◆ **Exercise brief**:
For the records below, output each line exactly as it appears, from the first through the line with "- net VLX2: now also L302.2".

◆ **Stored items from a collection**:
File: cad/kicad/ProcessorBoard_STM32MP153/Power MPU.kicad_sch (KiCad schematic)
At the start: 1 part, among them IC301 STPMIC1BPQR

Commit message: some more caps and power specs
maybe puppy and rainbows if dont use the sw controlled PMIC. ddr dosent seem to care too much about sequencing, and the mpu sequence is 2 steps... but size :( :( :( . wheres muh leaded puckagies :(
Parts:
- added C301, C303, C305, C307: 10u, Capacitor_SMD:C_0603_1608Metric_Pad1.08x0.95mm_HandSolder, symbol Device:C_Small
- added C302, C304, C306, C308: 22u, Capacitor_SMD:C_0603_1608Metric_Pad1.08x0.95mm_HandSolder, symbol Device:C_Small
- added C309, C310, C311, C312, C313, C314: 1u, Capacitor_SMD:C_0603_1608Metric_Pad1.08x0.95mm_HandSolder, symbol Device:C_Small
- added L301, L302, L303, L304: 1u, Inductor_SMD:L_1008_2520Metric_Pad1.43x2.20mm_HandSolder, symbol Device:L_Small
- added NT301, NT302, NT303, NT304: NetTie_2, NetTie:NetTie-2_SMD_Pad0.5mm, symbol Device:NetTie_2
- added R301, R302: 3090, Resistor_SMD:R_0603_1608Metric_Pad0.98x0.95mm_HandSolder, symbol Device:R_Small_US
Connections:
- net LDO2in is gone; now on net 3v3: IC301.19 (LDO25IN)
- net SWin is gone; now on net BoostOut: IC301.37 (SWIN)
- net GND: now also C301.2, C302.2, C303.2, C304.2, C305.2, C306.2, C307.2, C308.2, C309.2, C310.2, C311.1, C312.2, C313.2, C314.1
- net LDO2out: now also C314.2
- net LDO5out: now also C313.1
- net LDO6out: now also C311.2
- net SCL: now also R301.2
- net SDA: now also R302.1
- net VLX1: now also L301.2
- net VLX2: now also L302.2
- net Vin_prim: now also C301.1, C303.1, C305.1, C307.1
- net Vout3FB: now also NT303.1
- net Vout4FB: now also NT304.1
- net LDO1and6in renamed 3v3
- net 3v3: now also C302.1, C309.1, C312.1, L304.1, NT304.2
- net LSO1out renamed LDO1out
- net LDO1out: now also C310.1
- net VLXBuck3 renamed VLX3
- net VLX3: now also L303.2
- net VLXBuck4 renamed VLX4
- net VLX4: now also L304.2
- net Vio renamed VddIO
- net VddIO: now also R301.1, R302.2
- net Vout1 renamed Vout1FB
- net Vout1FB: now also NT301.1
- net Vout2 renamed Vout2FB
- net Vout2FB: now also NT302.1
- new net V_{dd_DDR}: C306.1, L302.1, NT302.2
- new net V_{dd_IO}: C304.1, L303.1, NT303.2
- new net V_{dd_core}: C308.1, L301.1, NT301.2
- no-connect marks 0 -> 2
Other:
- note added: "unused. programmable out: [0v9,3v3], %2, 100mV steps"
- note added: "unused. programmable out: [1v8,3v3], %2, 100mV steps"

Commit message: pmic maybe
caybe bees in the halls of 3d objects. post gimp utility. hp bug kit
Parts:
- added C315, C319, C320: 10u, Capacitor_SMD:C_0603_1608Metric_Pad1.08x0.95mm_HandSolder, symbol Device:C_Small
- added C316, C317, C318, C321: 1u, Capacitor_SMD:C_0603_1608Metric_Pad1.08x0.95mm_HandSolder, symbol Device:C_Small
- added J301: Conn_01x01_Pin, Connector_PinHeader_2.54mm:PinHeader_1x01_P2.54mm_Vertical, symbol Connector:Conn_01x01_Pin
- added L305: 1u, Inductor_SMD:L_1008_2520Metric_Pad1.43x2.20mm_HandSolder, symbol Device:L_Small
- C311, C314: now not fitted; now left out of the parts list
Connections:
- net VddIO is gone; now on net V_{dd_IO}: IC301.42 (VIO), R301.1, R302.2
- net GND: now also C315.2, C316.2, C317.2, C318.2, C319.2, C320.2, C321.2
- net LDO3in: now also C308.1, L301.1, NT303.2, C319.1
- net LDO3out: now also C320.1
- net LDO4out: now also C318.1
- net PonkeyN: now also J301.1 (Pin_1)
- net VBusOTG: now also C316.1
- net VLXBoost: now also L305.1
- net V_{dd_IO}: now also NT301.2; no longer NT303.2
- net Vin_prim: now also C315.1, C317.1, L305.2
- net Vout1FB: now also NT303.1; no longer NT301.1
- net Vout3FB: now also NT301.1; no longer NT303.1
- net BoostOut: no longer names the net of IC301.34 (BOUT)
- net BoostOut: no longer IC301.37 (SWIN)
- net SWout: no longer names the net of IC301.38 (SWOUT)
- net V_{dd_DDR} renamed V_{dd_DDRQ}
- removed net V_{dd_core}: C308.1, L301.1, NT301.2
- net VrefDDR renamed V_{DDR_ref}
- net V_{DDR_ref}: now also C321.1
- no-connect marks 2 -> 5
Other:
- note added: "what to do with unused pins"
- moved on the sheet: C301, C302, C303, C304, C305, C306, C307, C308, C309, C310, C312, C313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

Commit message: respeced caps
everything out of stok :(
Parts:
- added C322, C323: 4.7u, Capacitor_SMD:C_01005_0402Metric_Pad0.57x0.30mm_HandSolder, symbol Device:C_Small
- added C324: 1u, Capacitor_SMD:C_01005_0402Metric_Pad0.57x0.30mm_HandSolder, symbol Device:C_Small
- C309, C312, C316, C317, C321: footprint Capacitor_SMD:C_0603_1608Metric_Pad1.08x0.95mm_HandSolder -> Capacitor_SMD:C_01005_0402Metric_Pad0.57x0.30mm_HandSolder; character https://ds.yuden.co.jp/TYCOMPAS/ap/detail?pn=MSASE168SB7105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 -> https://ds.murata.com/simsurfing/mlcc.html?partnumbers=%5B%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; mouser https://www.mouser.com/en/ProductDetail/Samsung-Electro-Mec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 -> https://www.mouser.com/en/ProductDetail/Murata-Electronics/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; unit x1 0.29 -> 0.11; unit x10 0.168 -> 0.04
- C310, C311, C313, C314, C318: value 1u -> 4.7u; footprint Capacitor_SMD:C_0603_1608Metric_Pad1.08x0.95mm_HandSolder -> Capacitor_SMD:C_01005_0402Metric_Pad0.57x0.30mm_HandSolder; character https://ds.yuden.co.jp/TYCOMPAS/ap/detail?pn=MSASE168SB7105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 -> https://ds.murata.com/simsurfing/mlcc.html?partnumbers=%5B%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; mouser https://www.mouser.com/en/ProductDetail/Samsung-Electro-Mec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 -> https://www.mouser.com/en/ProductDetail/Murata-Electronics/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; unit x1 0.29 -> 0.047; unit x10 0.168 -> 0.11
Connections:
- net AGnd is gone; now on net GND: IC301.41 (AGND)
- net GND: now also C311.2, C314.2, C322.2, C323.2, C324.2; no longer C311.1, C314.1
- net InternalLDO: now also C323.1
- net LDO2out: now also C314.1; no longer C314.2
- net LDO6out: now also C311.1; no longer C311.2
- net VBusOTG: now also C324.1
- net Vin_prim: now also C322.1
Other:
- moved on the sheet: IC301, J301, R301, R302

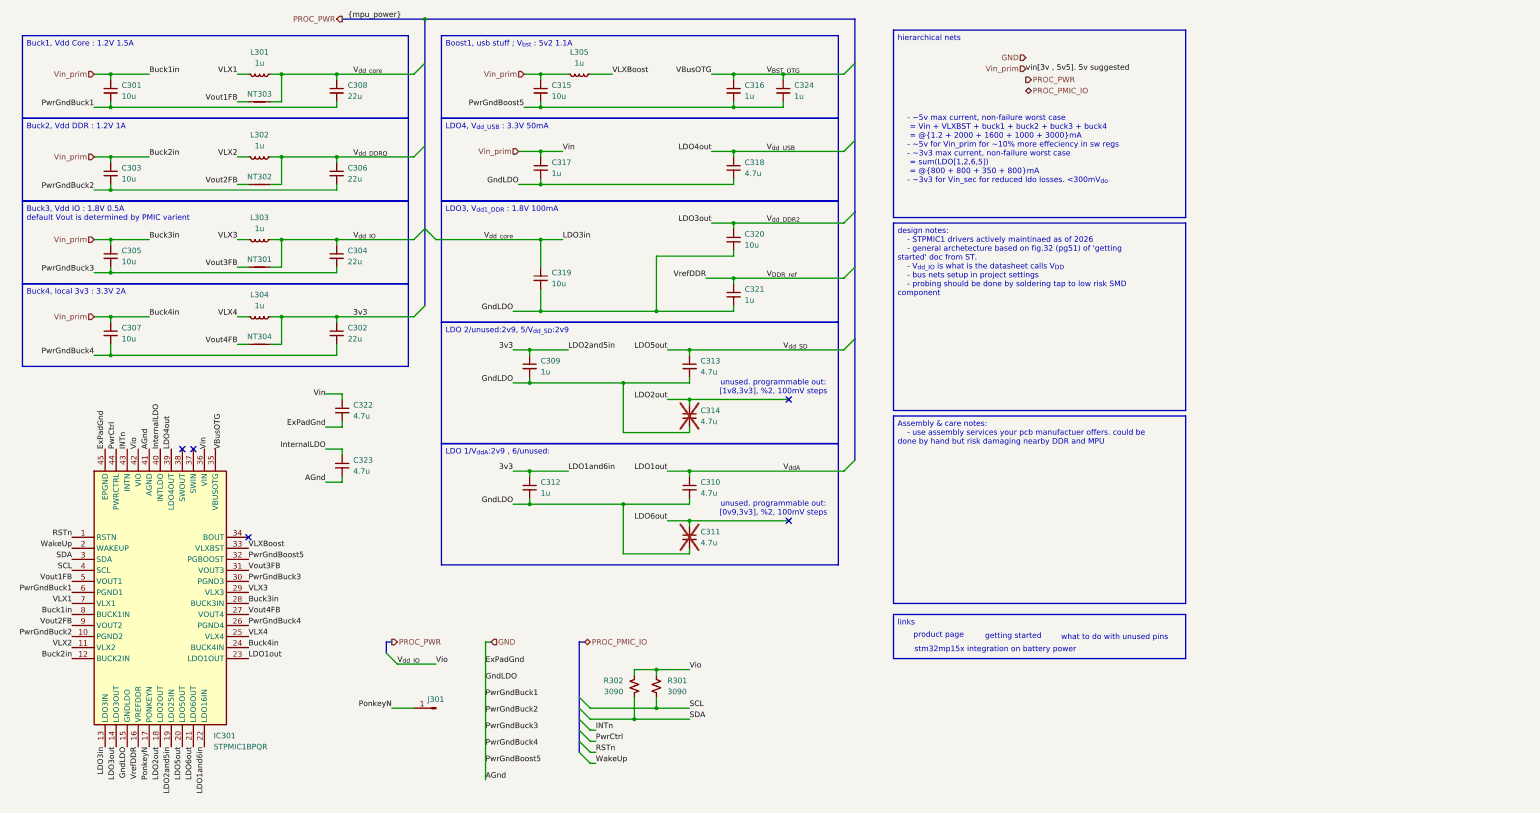
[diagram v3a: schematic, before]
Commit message: verified jlc price category
~[32, 50]usd for 5 boards. includes impedence control. though must be 1oz top & bottom layers, 0.5oz inner layers . goes up at least $10usd for different pours
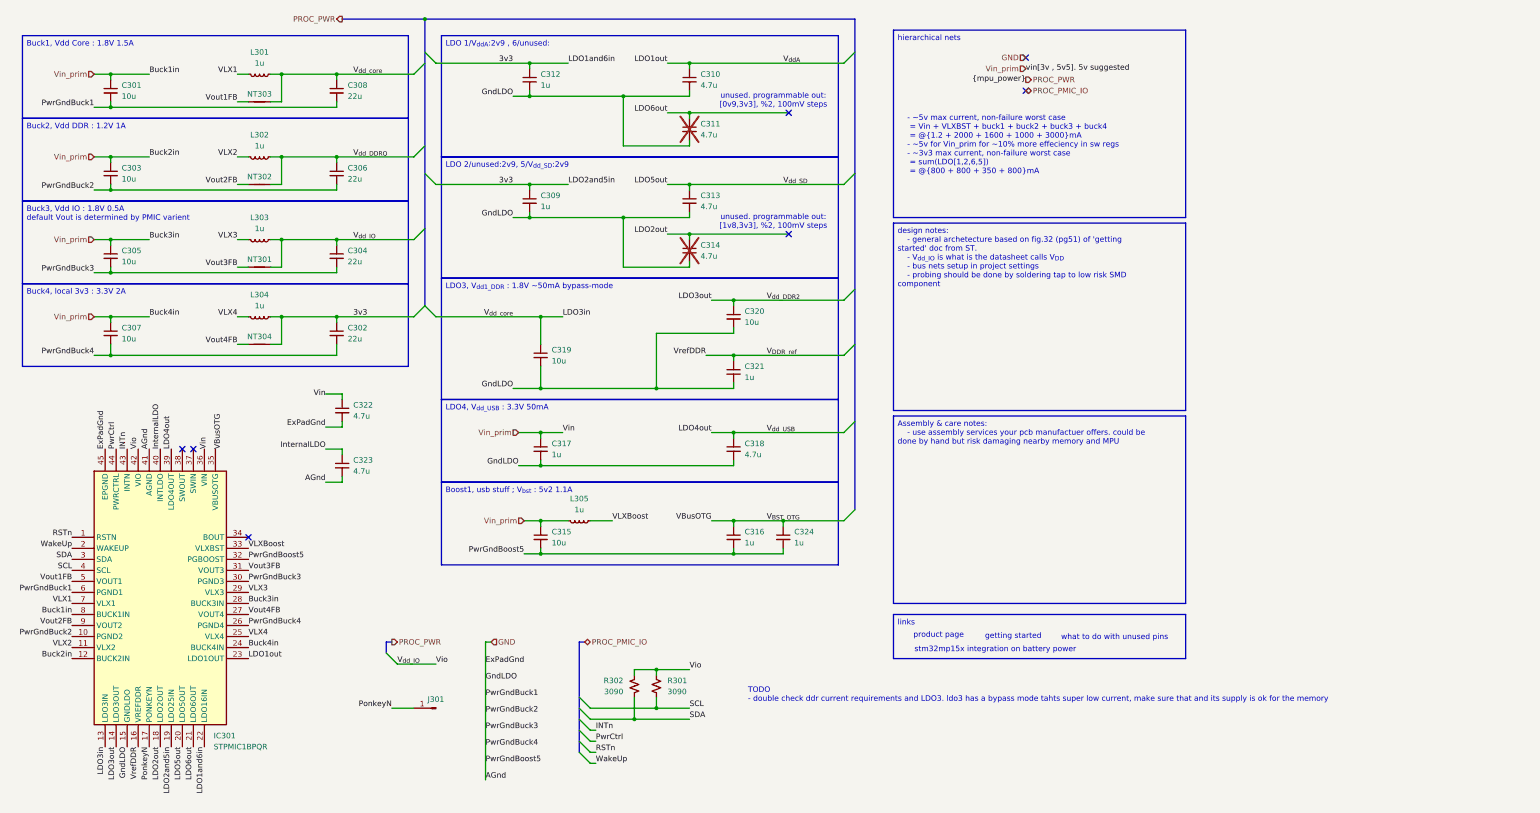
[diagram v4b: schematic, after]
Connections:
- no-connect marks 5 -> 7
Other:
- note added: "TODO - double check ddr current requirements and LDO3. ldo3 has a bypass mode tahts super low current, make sure that and its supply is ok for the memory"
- moved on the sheet: C309, C310, C311, C312, C313, C314, C315, C316, C317, C318, C319, C320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

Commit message: mpu power connections
about mpu, apparently onboard usb supply has a requirement for the onboard ldo's to be happy, so u have to tap out 2 deticated pins. and theres also a power off sequence as well???
1v8 life looking better every day, 3v3(>2v9) trenches over there
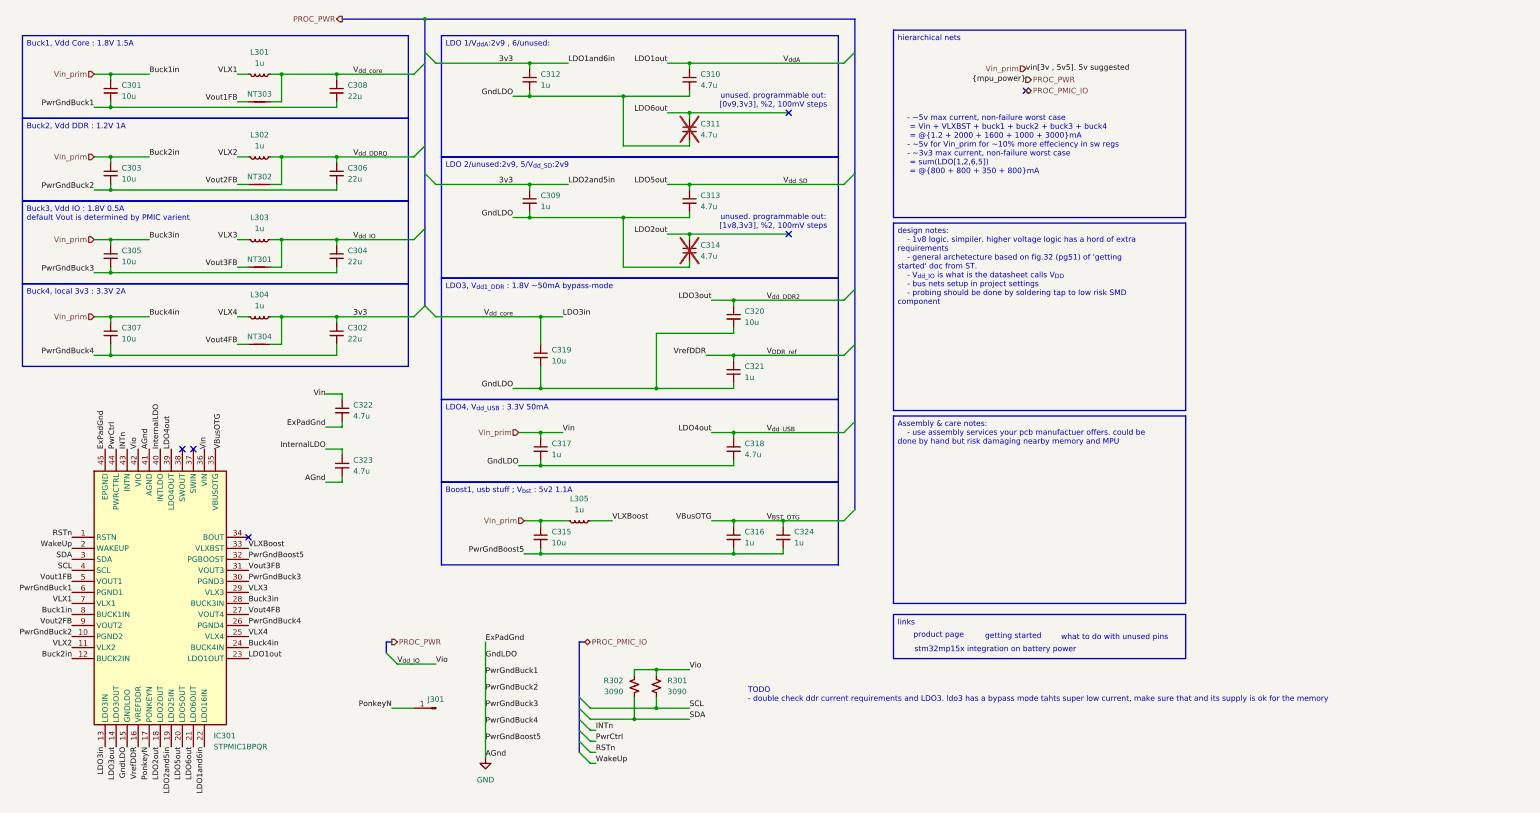
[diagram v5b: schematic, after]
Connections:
- no-connect marks 7 -> 6
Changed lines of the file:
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@@
 		)
 	)
-	(text_box "design notes:\n	- general archetecture based on fig.32 (pg51) of 'getting started' doc from ST.\n	- V_{dd_IO} is what is the datasheet calls V_{DD}\n	- bus nets setup in project settings\n	- probing should be done by soldering tap to low risk SMD component"
+	(text_box "design notes:\n	- 1v8 logic. simpiler. higher voltage logic has a hord of extra requirements\n	- general archetecture based on fig.32 (pg51) of 'getting started' doc from ST.\n	- V_{dd_IO} is what is the datasheet calls V_{DD}\n	- bus nets setup in project settings\n	- probing should be done by soldering tap to low risk SMD component"
 		(exclude_from_sim no)
 		(at 215.9 63.5 0)
@@
 	)
 	(no_connect
-		(at 246.38 25.4)
-	)
-	(no_connect
 		(at 191.77 38.1)
 	)
@@
 		)
 	)
+	(wire
+		(pts
+			(xy 121.92 160.02) (xy 121.92 186.69)
+		)
+		(stroke
+			(width 0)
+			(type default)
+		)
+	)
 	(bus
 		(pts
@@
 	(wire
 		(pts
-			(xy 123.19 160.02) (xy 121.92 160.02)
-		)
-		(stroke
-			(width 0)
-			(type default)
-		)
-	)
-	(wire
-		(pts
 			(xy 134.62 139.7) (xy 134.62 138.43)
 		)
@@
 	(wire
 		(pts
-			(xy 121.92 160.02) (xy 121.92 191.77)
-		)
-		(stroke
-			(width 0)
-			(type default)
-		)
-	)
-	(wire
-		(pts
 			(xy 74.93 48.26) (xy 74.93 54.61)
 		)
@@
 	)
 	(label "PwrGndBuck4"
-		(at 121.92 184.15 0)
+		(at 121.92 179.07 0)
 		(effects
 			(font
@@
 	)
 	(label "PwrGndBoost5"
-		(at 121.92 187.96 0)
+		(at 121.92 182.88 0)
 		(effects
 			(font
@@
 	)
 	(label "PwrGndBuck3"
-		(at 121.92 180.34 0)
+		(at 121.92 175.26 0)
 		(effects
 			(font
@@
 	)
 	(label "GndLDO"
-		(at 121.92 168.91 0)
+		(at 121.92 163.83 0)
 		(effects
 			(font
@@
 	)
 	(label "PwrGndBuck2"
-		(at 121.92 176.53 0)
+		(at 121.92 171.45 0)
 		(effects
 			(font
@@
 	)
 	(label "PwrGndBuck1"
-		(at 121.92 172.72 0)
+		(at 121.92 167.64 0)
 		(effects
 			(font
@@
 	)
 	(label "AGnd"
-		(at 121.92 191.77 0)
+		(at 121.92 186.69 0)
 		(effects
 			(font
@@
 	)
 	(label "ExPadGnd"
-		(at 121.92 165.1 0)
+		(at 121.92 160.02 0)
 		(effects
 			(font
@@
 		)
 	)
-	(hierarchical_label "GND"
-		(shape input)
-		(at 246.38 25.4 180)
-		(effects
-			(font
-				(size 1.27 1.27)
-			)
-			(justify right)
-		)
-	)
 	(hierarchical_label "Vin_prim"
 		(shape input)
@@
 		)
 	)
-	(hierarchical_label "GND"
-		(shape input)
-		(at 123.19 160.02 0)
-		(effects
-			(font
-				(size 1.27 1.27)
-			)
-			(justify left)
-		)
-	)
 	(symbol
 		(lib_id "Device:NetTie_2")
@@
 					(unit 1)
 				)
+			)
+		)
+	)
+	(symbol
+		(lib_id "power:GND")
+		(at 121.92 186.69 0)
+		(unit 1)
+		(body_style 1)
+		(exclude_from_sim no)
+		(in_bom yes)
+		(on_board yes)
+		(in_pos_files yes)
+		(dnp no)
+		(fields_autoplaced yes)
+		(property "Reference" "#PWR0301"
+			(at 121.92 193.04 0)
+			(hide yes)
+			(show_name no)
+			(do_not_autoplace no)
+			(effects
+				(font
+					(size 1.27 1.27)
+				)
+			)
+		)
+		(property "Value" "GND"
+			(at 121.92 191.77 0)
+			(show_name no)
+			(do_not_autoplace no)
+			(effects
+				(font
+					(size 1.27 1.27)
+				)
+			)
+		)
+		(property "Footprint" ""
+			(at 121.92 186.69 0)
+			(hide yes)
+			(show_name no)
+			(do_not_autoplace no)
+			(effects
+				(font
+					(size 1.27 1.27)
+				)
+			)
+		)
+		(property "Datasheet" ""
+			(at 121.92 186.69 0)
+			(hide yes)
+			(show_name no)
+			(do_not_autoplace no)
+			(effects
+				(font
+					(size 1.27 1.27)
+				)
+			)
+		)
+		(property "Description" "Power symbol creates a global label with name \"GND\" , ground"
+			(at 121.92 186.69 0)
+			(hide yes)
+			(show_name no)
+			(do_not_autoplace no)
+			(effects
+				(font
+					(size 1.27 1.27)
+				)
+			)
+		)
+		(pin "1"
+		)
+		(instances
+			(project "ProcessorBoard_STM32MP153"
+				(path "/e63e39d7-6ac0-4ffd-8aa3-1841a4541b55/06ad9cc8-e1a1-474d-84d3-806ac75aa67c"
+					(reference "#PWR0301")
+					(unit 1)
+				)

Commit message: mr przudent get down
a thrid DDR voltage requirement has hit the power plane.
the cost of 11$ ram is apparently 3 distinct power nets :( .
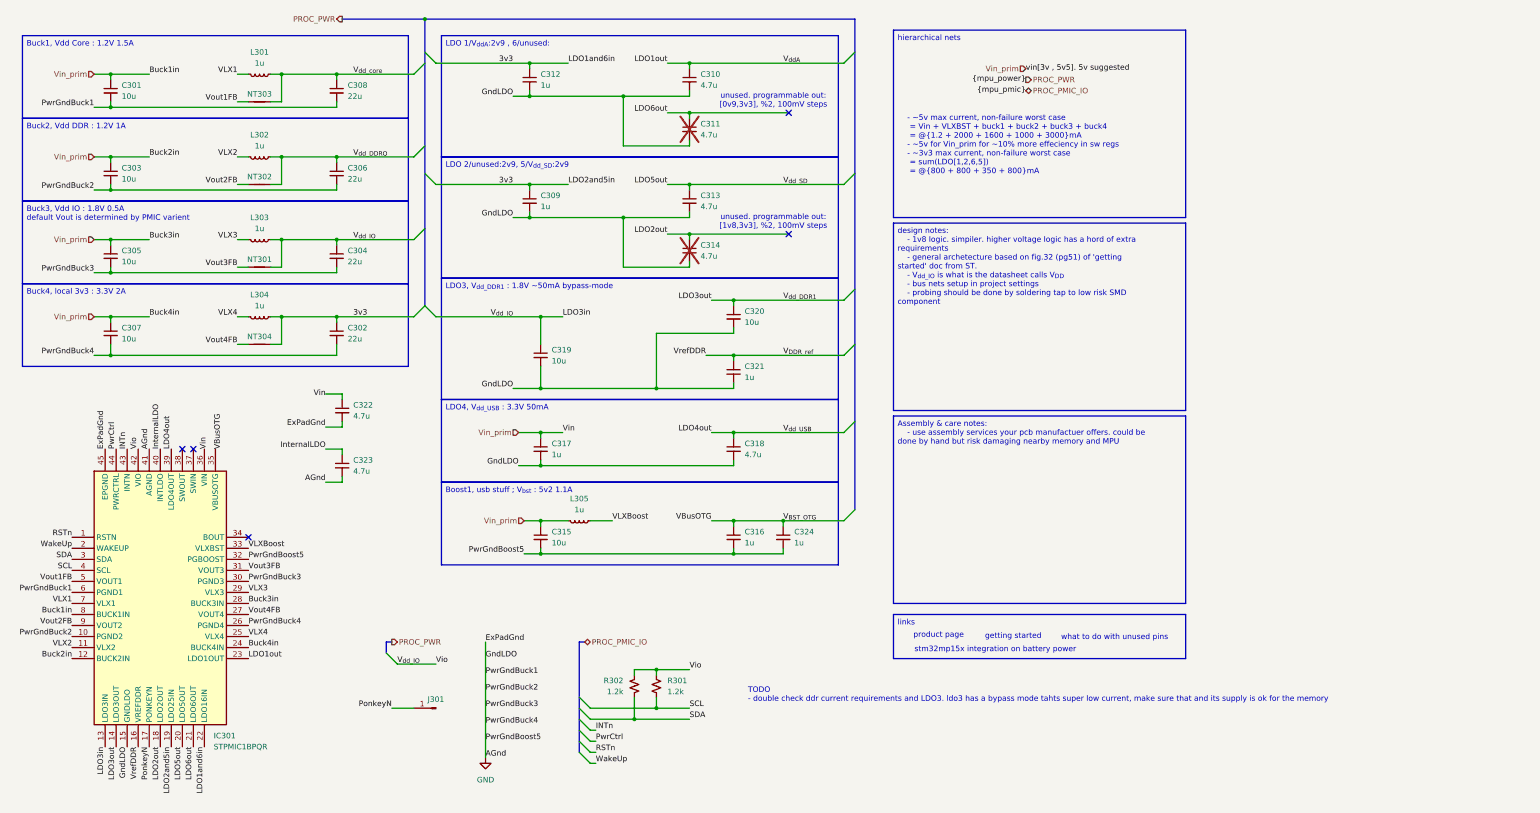
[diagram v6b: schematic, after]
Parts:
- R301, R302: value 3090 -> 1.2k; mouser https://www.mouser.com/en/ProductDetail/Walsin/WR06X392-JTL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 -> https://www.mouser.com/en/ProductDetail/TE-Connectivity-Hol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; unit x1 0.1 -> 0.10; unit x10 0.08 -> 0.018; unit x100 0.60 -> 0.017
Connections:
- net V_{dd_IO} is gone; now on net LDO3in: C304.1, IC301.42 (VIO), L303.1, NT301.2, R301.1, R302.2
- net LDO3in: no longer C308.1, L301.1, NT303.2
- new net V_{dd_core}: C308.1, L301.1, NT303.2
- no-connect marks 6 -> 5

◆ **Written solution**:
File: cad/kicad/ProcessorBoard_STM32MP153/Power MPU.kicad_sch (KiCad schematic)
At the start: 1 part, among them IC301 STPMIC1BPQR

Commit message: some more caps and power specs
maybe puppy and rainbows if dont use the sw controlled PMIC. ddr dosent seem to care too much about sequencing, and the mpu sequence is 2 steps... but size :( :( :( . wheres muh leaded puckagies :(
Parts:
- added C301, C303, C305, C307: 10u, Capacitor_SMD:C_0603_1608Metric_Pad1.08x0.95mm_HandSolder, symbol Device:C_Small
- added C302, C304, C306, C308: 22u, Capacitor_SMD:C_0603_1608Metric_Pad1.08x0.95mm_HandSolder, symbol Device:C_Small
- added C309, C310, C311, C312, C313, C314: 1u, Capacitor_SMD:C_0603_1608Metric_Pad1.08x0.95mm_HandSolder, symbol Device:C_Small
- added L301, L302, L303, L304: 1u, Inductor_SMD:L_1008_2520Metric_Pad1.43x2.20mm_HandSolder, symbol Device:L_Small
- added NT301, NT302, NT303, NT304: NetTie_2, NetTie:NetTie-2_SMD_Pad0.5mm, symbol Device:NetTie_2
- added R301, R302: 3090, Resistor_SMD:R_0603_1608Metric_Pad0.98x0.95mm_HandSolder, symbol Device:R_Small_US
Connections:
- net LDO2in is gone; now on net 3v3: IC301.19 (LDO25IN)
- net SWin is gone; now on net BoostOut: IC301.37 (SWIN)
- net GND: now also C301.2, C302.2, C303.2, C304.2, C305.2, C306.2, C307.2, C308.2, C309.2, C310.2, C311.1, C312.2, C313.2, C314.1
- net LDO2out: now also C314.2
- net LDO5out: now also C313.1
- net LDO6out: now also C311.2
- net SCL: now also R301.2
- net SDA: now also R302.1
- net VLX1: now also L301.2
- net VLX2: now also L302.2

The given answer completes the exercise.